As president of the National Farmers Union, I was pleased to see recent calls to work together to improve the situation of P.E.I.’s potato farmers and rural communities. I am proud to have been elected to lead our organization, with its mandate to promote the betterment of farmers in the attainment of their economic and social goals, to promote a higher standard of community life in agriculture, and to work jointly with any other person or organizations for the attainment of its objects, among other educational and legislative goals.

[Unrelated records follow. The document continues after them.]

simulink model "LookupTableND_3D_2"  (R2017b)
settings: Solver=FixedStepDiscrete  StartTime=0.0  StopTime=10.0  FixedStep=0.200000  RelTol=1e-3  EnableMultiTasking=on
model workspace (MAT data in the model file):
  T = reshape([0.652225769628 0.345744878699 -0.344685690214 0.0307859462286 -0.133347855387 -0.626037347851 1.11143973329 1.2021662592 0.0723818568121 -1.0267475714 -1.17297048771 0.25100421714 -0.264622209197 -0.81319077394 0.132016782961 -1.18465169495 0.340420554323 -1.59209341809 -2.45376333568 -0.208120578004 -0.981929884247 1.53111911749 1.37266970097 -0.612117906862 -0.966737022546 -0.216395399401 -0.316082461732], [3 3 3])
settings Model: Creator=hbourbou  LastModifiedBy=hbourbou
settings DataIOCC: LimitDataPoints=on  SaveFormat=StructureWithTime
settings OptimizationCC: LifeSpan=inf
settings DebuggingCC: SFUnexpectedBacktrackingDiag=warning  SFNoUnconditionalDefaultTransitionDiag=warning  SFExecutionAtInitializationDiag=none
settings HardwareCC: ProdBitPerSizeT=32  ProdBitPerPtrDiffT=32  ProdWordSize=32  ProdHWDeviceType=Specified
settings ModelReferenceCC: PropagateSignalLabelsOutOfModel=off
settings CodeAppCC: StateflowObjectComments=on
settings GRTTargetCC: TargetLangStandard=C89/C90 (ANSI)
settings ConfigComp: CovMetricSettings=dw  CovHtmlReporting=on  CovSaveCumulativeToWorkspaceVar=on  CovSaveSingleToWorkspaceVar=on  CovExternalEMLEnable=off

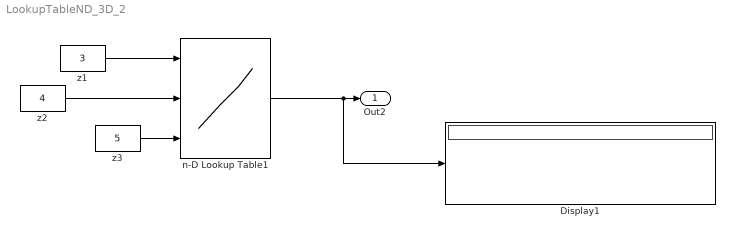
== system LookupTableND_3D_2 ==
  Display1 : Display
  n-D Lookup Table1 : Lookup_n-D  NumberOfTableDimensions=3  BreakpointsForDimension1=[1 2 4]  BreakpointsForDimension2=[1 3 4]  BreakpointsForDimension3=[1 2 3 ]  Table=T  InternalRulePriority=Speed  RndMeth=Simplest  InputSameDT=on
  z1 : Constant  Value=3
  z2 : Constant  Value=4
  z3 : Constant  Value=5
  Out2 : Outport
  wires:
  z1/1 -> n-D Lookup Table1/1
  n-D Lookup Table1/1 -> Out2/1, Display1/1
  z2/1 -> n-D Lookup Table1/2
  z3/1 -> n-D Lookup Table1/3
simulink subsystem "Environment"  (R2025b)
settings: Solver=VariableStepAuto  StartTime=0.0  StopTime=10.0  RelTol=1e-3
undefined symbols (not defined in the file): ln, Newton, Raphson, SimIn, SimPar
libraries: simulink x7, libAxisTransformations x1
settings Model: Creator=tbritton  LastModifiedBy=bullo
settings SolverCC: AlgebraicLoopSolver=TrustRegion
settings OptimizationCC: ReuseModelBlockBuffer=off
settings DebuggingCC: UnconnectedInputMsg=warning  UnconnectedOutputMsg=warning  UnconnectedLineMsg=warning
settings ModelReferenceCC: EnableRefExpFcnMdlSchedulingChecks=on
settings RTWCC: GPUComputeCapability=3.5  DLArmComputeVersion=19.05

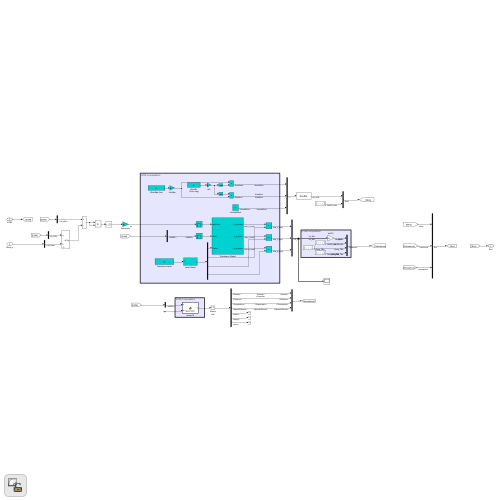
[thumbnail: Simulink's stored preview of the top-level diagram]
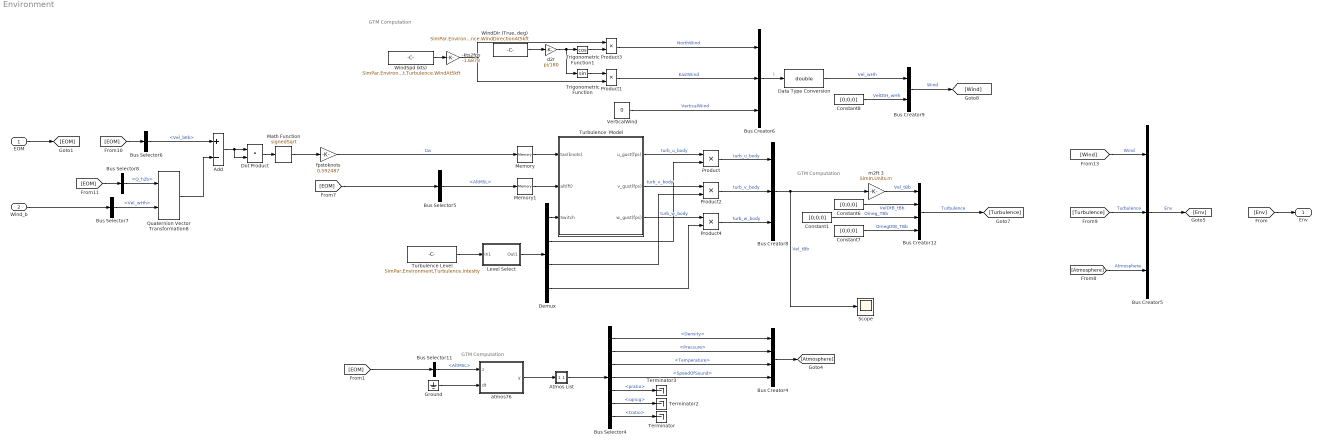
== system Environment ==
  note: GTM Computation
  note: GTM Computation
  note: GTM Computation
  EOM : Inport  OutDataTypeStr=Bus: EomBus
  Wind_b : Inport  Port=2
  -kts2fps : Gain  Gain=-1.6878  SaturateOnIntegerOverflow=on  OutDataTypeStr=Inherit: Same as input  ParamDataTypeStr=Inherit: Same as input
  Add : Sum  Inputs=+-
  Atmos List : Subsystem
  Bus Creator12 : BusCreator  Inputs=4  OutDataTypeStr=Bus: TurbulenceBus
  Bus Creator4 : BusCreator  Inputs=4
  Bus Creator5 : BusCreator  Inputs=3  OutDataTypeStr=Bus: EnvironmentBus
  Bus Creator6 : BusCreator  Inputs=3
  Bus Creator8 : BusCreator  Inputs=3
  Bus Creator9 : BusCreator  Inputs=2  OutDataTypeStr=Bus: WindBus
  Bus Selector11 : BusSelector  OutputSignals=WorldRelativeData.AltMSL
  Bus Selector4 : BusSelector  OutputSignals=Density,Pressure,Temperature,SpeedOfSound,pratio,sqrsig,tratio
  Bus Selector5 : BusSelector  OutputSignals=WorldRelativeData.AltMSL
  Bus Selector6 : BusSelector  OutputSignals=WorldRelativeData.Vel_bEb
  Bus Selector7 : BusSelector  OutputSignals=Wind.Vel_wHh
  Bus Selector8 : BusSelector  OutputSignals=WorldRelativeData.Q_h2b
  Constant{1,6..8} (4 alike) : Constant  Value=[0;0;0]
  Data Type Conversion : DataTypeConversion  OutDataTypeStr=double  SaturateOnIntegerOverflow=off  RndMeth=Floor
  Demux : Demux
  Dot Product : DotProduct  OutDataTypeStr=Inherit: Inherit via internal rule
  Ground : Ground
  Level Select : Subsystem
  Math Function : Sqrt  Operator=signedSqrt  AlgorithmType=Newton-Raphson
  Memory : Memory  InitialCondition=70
  Memory1 : Memory  InitialCondition=1000
  Product : Product  RndMeth=Zero
  Product1 : Product  Inputs=**  InputSameDT=on  SaturateOnIntegerOverflow=on  OutDataTypeStr=Inherit: Same as first input
  Product2 : Product  RndMeth=Zero
  Product3 : Product  Inputs=**  InputSameDT=on  SaturateOnIntegerOverflow=on  OutDataTypeStr=Inherit: Same as first input
  Product4 : Product  RndMeth=Zero
  Quaternion Vector Transformation8 : libAxisTransformations/Quaternion Vector Transformation  n=0
  Scope : Scope
      settings: DataLoggingVariableName=ScopeData16
  Terminator : Terminator
  Terminator2 : Terminator
  Terminator3 : Terminator
  Trigonometric Function : Trigonometry
  Trigonometric Function1 : Trigonometry  Operator=cos
  Turbulence  Model : Subsystem
  Turbulence Level : Constant  Value=SimPar.Environment.Turbulence.intesity
  VerticalWind : Constant  Value=0
  "WindDir (True, deg)" : Constant  Value=SimPar.Environment.Turbulence.WindDirectionAt5kft
  WindSpd (kts) : Constant  Value=SimPar.Environment.Turbulence.WindAt5kft
  atmos76 : MATLAB Function  TreatAsAtomicUnit=on
  d2r : Gain  Gain=pi/180  SaturateOnIntegerOverflow=on  OutDataTypeStr=Inherit: Same as input  ParamDataTypeStr=Inherit: Same as input
  fpstoknots : Gain  Gain=0.592487
  m2ft 3 : Gain  Gain=SimIn.Units.m
  Env : Outport  OutDataTypeStr=Bus: EnvironmentBus  VectorParamsAs1DForOutWhenUnconnected=off
  wires:
  Data Type Conversion/1 -> Bus Creator9/1  "Vel_wHh"
  [EOM] -> Bus Selector8/1
  [EOM] -> Bus Selector6/1
  Quaternion Vector Transformation8/1 -> Add/2
  fpstoknots/1 -> Memory/1  "tas"
  Math Function/1 -> fpstoknots/1
  Wind_b/1 -> Bus Selector7/1
  Add/1 -> Dot Product/1, Dot Product/2
  Dot Product/1 -> Math Function/1
  Bus Creator12/1 -> [Turbulence]  "Turbulence"
  Constant7/1 -> Bus Creator12/4  "OmegDtB_TBb"
  Constant6/1 -> Bus Creator12/2  "VelDtB_tBb"
  m2ft 3/1 -> Bus Creator12/1  "Vel_tBb"
  Constant1/1 -> Bus Creator12/3  "Omeg_TBb"
  [EOM] -> Bus Selector11/1
  Ground/1 -> atmos76/2(dt)
  Bus Selector11/1 -> atmos76/1(z)  "<AltMSL>"
  atmos76/1(y) -> Atmos List/1(I)
  Turbulence  Model/3(w_gust(fps)) -> Product4/1  "turb_w_body"
  Memory/1 -> Turbulence  Model/1(tas(knots))
  Level Select/1(Out1) -> Demux/1
  Turbulence  Model/1(u_gust(fps)) -> Product/1  "turb_u_body"
  Turbulence Level/1 -> Level Select/1(In1)
  Trigonometric Function/1 -> Product1/1
  Turbulence  Model/2(v_gust(fps)) -> Product2/1  "turb_v_body"
  "WindDir (True, deg)"/1 -> d2r/1
  d2r/1 -> Trigonometric Function/1, Trigonometric Function1/1
  Demux/1 -> Turbulence  Model/3(Switch)
  Demux/2 -> Product/2
  -kts2fps/1 -> Product3/1, Product1/2
  Demux/4 -> Product4/2
  Demux/3 -> Product2/2
  WindSpd (kts)/1 -> -kts2fps/1
  Trigonometric Function1/1 -> Product3/2
  Memory1/1 -> Turbulence  Model/2(alt(ft))
  [EOM] -> Bus Selector5/1
  Bus Selector5/1 -> Memory1/1  "<AltMSL>"
  [Turbulence] -> Bus Creator5/2  "Turbulence"
  [Wind] -> Bus Creator5/1  "Wind"
  [Atmosphere] -> Bus Creator5/3  "Atmosphere"
  Bus Creator5/1 -> [Env]  "Env"
  Bus Selector4/7 -> Terminator/1  "<tratio>"
  Bus Selector4/6 -> Terminator2/1  "<sqrsig>"
  Bus Selector4/5 -> Terminator3/1  "<pratio>"
  Atmos List/1(O) -> Bus Selector4/1
  [Env] -> Env/1
  EOM/1 -> [EOM]
  Bus Creator4/1 -> [Atmosphere]
  Bus Selector4/3 -> Bus Creator4/3  "<Temperature>"
  Bus Selector4/1 -> Bus Creator4/1  "<Density>"
  Bus Selector4/4 -> Bus Creator4/4  "<SpeedOfSound>"
  Bus Selector4/2 -> Bus Creator4/2  "<Pressure>"
  Product/1 -> Bus Creator8/1  "turb_u_body"
  Product2/1 -> Bus Creator8/2  "turb_v_body"
  Product4/1 -> Bus Creator8/3  "turb_w_body"
  Bus Selector6/1 -> Add/1  "<Vel_bEb>"
  Bus Selector8/1 -> Quaternion Vector Transformation8/1  "<Q_h2b>"
  Bus Selector7/1 -> Quaternion Vector Transformation8/2  "<Vel_wHh>"
  Constant8/1 -> Bus Creator9/2  "VelDtH_wHh"
  Product3/1 -> Bus Creator6/1  "NorthWind"
  Product1/1 -> Bus Creator6/2  "EastWind"
  Bus Creator9/1 -> [Wind]  "Wind"
  VerticalWind/1 -> Bus Creator6/3  "VerticalWind"
  Bus Creator6/1 -> Data Type Conversion/1  "l"
  Bus Creator8/1 -> Scope/1, m2ft 3/1  "Vel_tBb"

== system Environment/Atmos List ==
  I : Inport
  BusCreator : BusCreator  Inputs=7
  Demux2 : Demux  Outputs=6
      settings: DisplayOption=none
  Divide : Product  Inputs=*/
  Standard Temp. K : Constant  Value=288.15
  O : Outport  VectorParamsAs1DForOutWhenUnconnected=off
  wires:
  Demux2/6 -> BusCreator/6  "sqrsig"
  Demux2/5 -> BusCreator/5  "pratio"
  Demux2/4 -> BusCreator/4  "SpeedOfSound"
  Demux2/3 -> BusCreator/3, Divide/1  "Temperature"
  Demux2/2 -> BusCreator/2  "Pressure"
  Demux2/1 -> BusCreator/1  "Density"
  I/1 -> Demux2/1
  BusCreator/1 -> O/1
  Standard Temp. K/1 -> Divide/2
  Divide/1 -> BusCreator/7  "tratio"

== system Environment/Level Select ==
  In1 : Inport
  Light : Constant  Value=[1 0.2 0.2 0.17]
  Moderate : Constant  Value=[1 0.4 0.4 0.34]
  Multiport Switch : MultiPortSwitch  Inputs=4  SaturateOnIntegerOverflow=off  InputSameDT=off
  Severe : Constant  Value=[1 0.4 1.152 0.34]
  Turbulence Off : Constant  Value=[0 0 0 0]
  Out1 : Outport
  wires:
  In1/1 -> Multiport Switch/1
  Turbulence Off/1 -> Multiport Switch/2
  Light/1 -> Multiport Switch/3
  Moderate/1 -> Multiport Switch/4
  Severe/1 -> Multiport Switch/5
  Multiport Switch/1 -> Out1/1

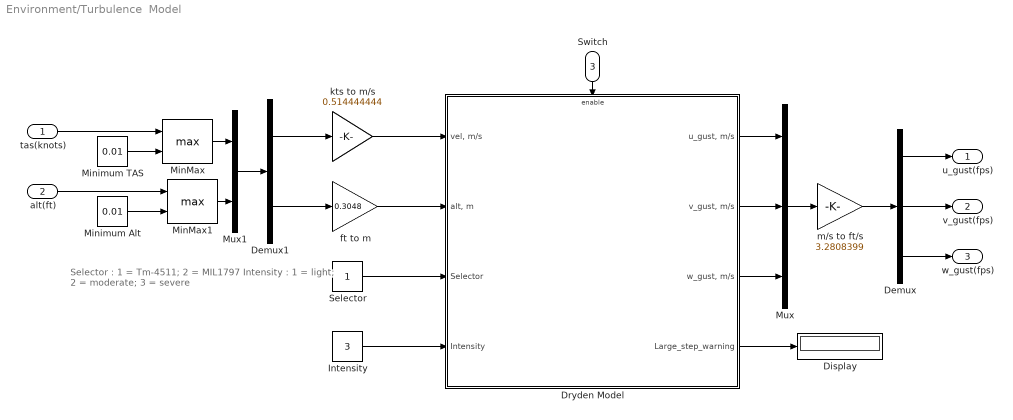
== system Environment/Turbulence  Model ==
  note: Selector :  1 = Tm-4511;  2 = MIL1797
      |             Intensity :  1 = light;  2 = moderate;  3 = severe
  tas(knots) : Inport
  alt(ft) : Inport  Port=2
  Switch : Inport  Port=3
  Demux : Demux  Outputs=3
  Demux1 : Demux  Outputs=2
  Display : Display
  Dryden Model : Subsystem  mask{longseed=3366+521, latseed=23+521, vertseed=1369+521, dt=SimIn.Environment.Turbulence.dT, Step_warning_pct=.11}
      mask prompts: longseed "Longitudinal Random Number Seed"; latseed "Lateral Random Number Seed"; vertseed "Vertical Random Number Seed"; dt "Turbulence model time step, sec"; Step_warning_pct "Threshhold for stepsize warning (%)"
  Intensity : Constant  Value=3
  MinMax : MinMax  Function=max  Inputs=2
  MinMax1 : MinMax  Function=max  Inputs=2
  Minimum Alt : Constant  Value=0.01
  Minimum TAS : Constant  Value=0.01
  Mux : Mux  Inputs=3
  Mux1 : Mux  Inputs=2
  Selector : Constant
  ft to m : Gain  Gain=0.3048
  kts to m/s : Gain  Gain=0.514444444
  m/s to ft/s : Gain  Gain=3.2808399
  u_gust(fps) : Outport
  v_gust(fps) : Outport  Port=2
  w_gust(fps) : Outport  Port=3
  wires:
  Switch/1 -> Dryden Model/Enable
  Dryden Model/1("u_gust, m/s") -> Mux/1
  Dryden Model/2("v_gust, m/s") -> Mux/2
  Dryden Model/3("w_gust, m/s") -> Mux/3
  Demux/3 -> w_gust(fps)/1
  Demux/2 -> v_gust(fps)/1
  Demux/1 -> u_gust(fps)/1
  Dryden Model/4(Large_step_warning) -> Display/1
  Mux/1 -> m/s to ft/s/1
  m/s to ft/s/1 -> Demux/1
  MinMax1/1 -> Mux1/2
  MinMax/1 -> Mux1/1
  alt(ft)/1 -> MinMax1/1
  Minimum Alt/1 -> MinMax1/2
  Minimum TAS/1 -> MinMax/2
  tas(knots)/1 -> MinMax/1
  Mux1/1 -> Demux1/1
  Demux1/2 -> ft to m/1
  Demux1/1 -> kts to m/s/1
  Intensity/1 -> Dryden Model/4(Intensity)
  Selector/1 -> Dryden Model/3(Selector)
  ft to m/1 -> Dryden Model/2("alt, m")
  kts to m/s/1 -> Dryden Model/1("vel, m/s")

Contrary to recently published implications, the NFU actively campaigns for the needs of farmers and is eager to be included in discussions about the fate of potato farmers on P.E.I. If the NFU on P.E.I. had been invited to participate in the private discussions that must have occurred prior to the announcement of a $4.7-million funding announcement, we would have been able to raise our concerns at the table in a spirit of co-operative and constructive discussion and debate. Calls for increased transparency, clear guardrails on spending, and a basic appreciation for the economic realities facing our farmers should be enthusiastically welcomed in a province that clearly values the benefits farms bring to our communities.
We compare the provincial government’s behind-closed-doors approach to COVID-19 support for the P.E.I. potato sector with the roll-out of federal emergency funds. While there are questions about the implementation of the federal CERB program, at least the criteria to qualify for relief has been very clearly spelled out. Additionally, the federal government is offering loans – not gifts — to businesses, which must be paid back. Yet in P.E.I. the public has no information about the criteria for the nearly $5 million offered to the Irvings’ Cavendish Farms, and the King government or Minister of Agriculture Boyce Thompson have given no indication of any repayment requirement. Since we are in a democracy, we must ask the necessary questions about these public spending decisions.
We understand that a spokesperson for Cavendish Farms on Island Morning indicated that Cavendish Farms has not yet decided if it will participate in any COVID-19 relief programs from government. We are very happy to hear there is still room to evaluate both the intent, substance and optics of their participation in this proposed scheme.
Perhaps the best course of action would be for Cavendish to honour their contracts with farmers, since the company’s line was that farmers were free to seek other markets for their potatoes, not that the company planned to break their contracts. Unless perhaps the comments from Prince Edward Island Potato Board spokesperson, Greg Donald, on Island Morning (May 7) saying, “Let’s be clear …. if this $4.7 million wasn’t provided to Cavendish Farms these potatoes would not have been processed …” were meant to be taken as him speaking not on behalf of P.E.I.’s potato farmers, but instead for Cavendish Farms and Robert Irving? If Cavendish Farms will assume these storage and processing costs as part of the risk of doing business, and fulfill their contracts, then perhaps these government funds would be available to help P.E.I..’s farmers directly.
Katie Ward is the president of the National Farmers Union. She is a ninth generation family farmer who operates a mixed farm at West Carleton-March, northwest of Ottawa.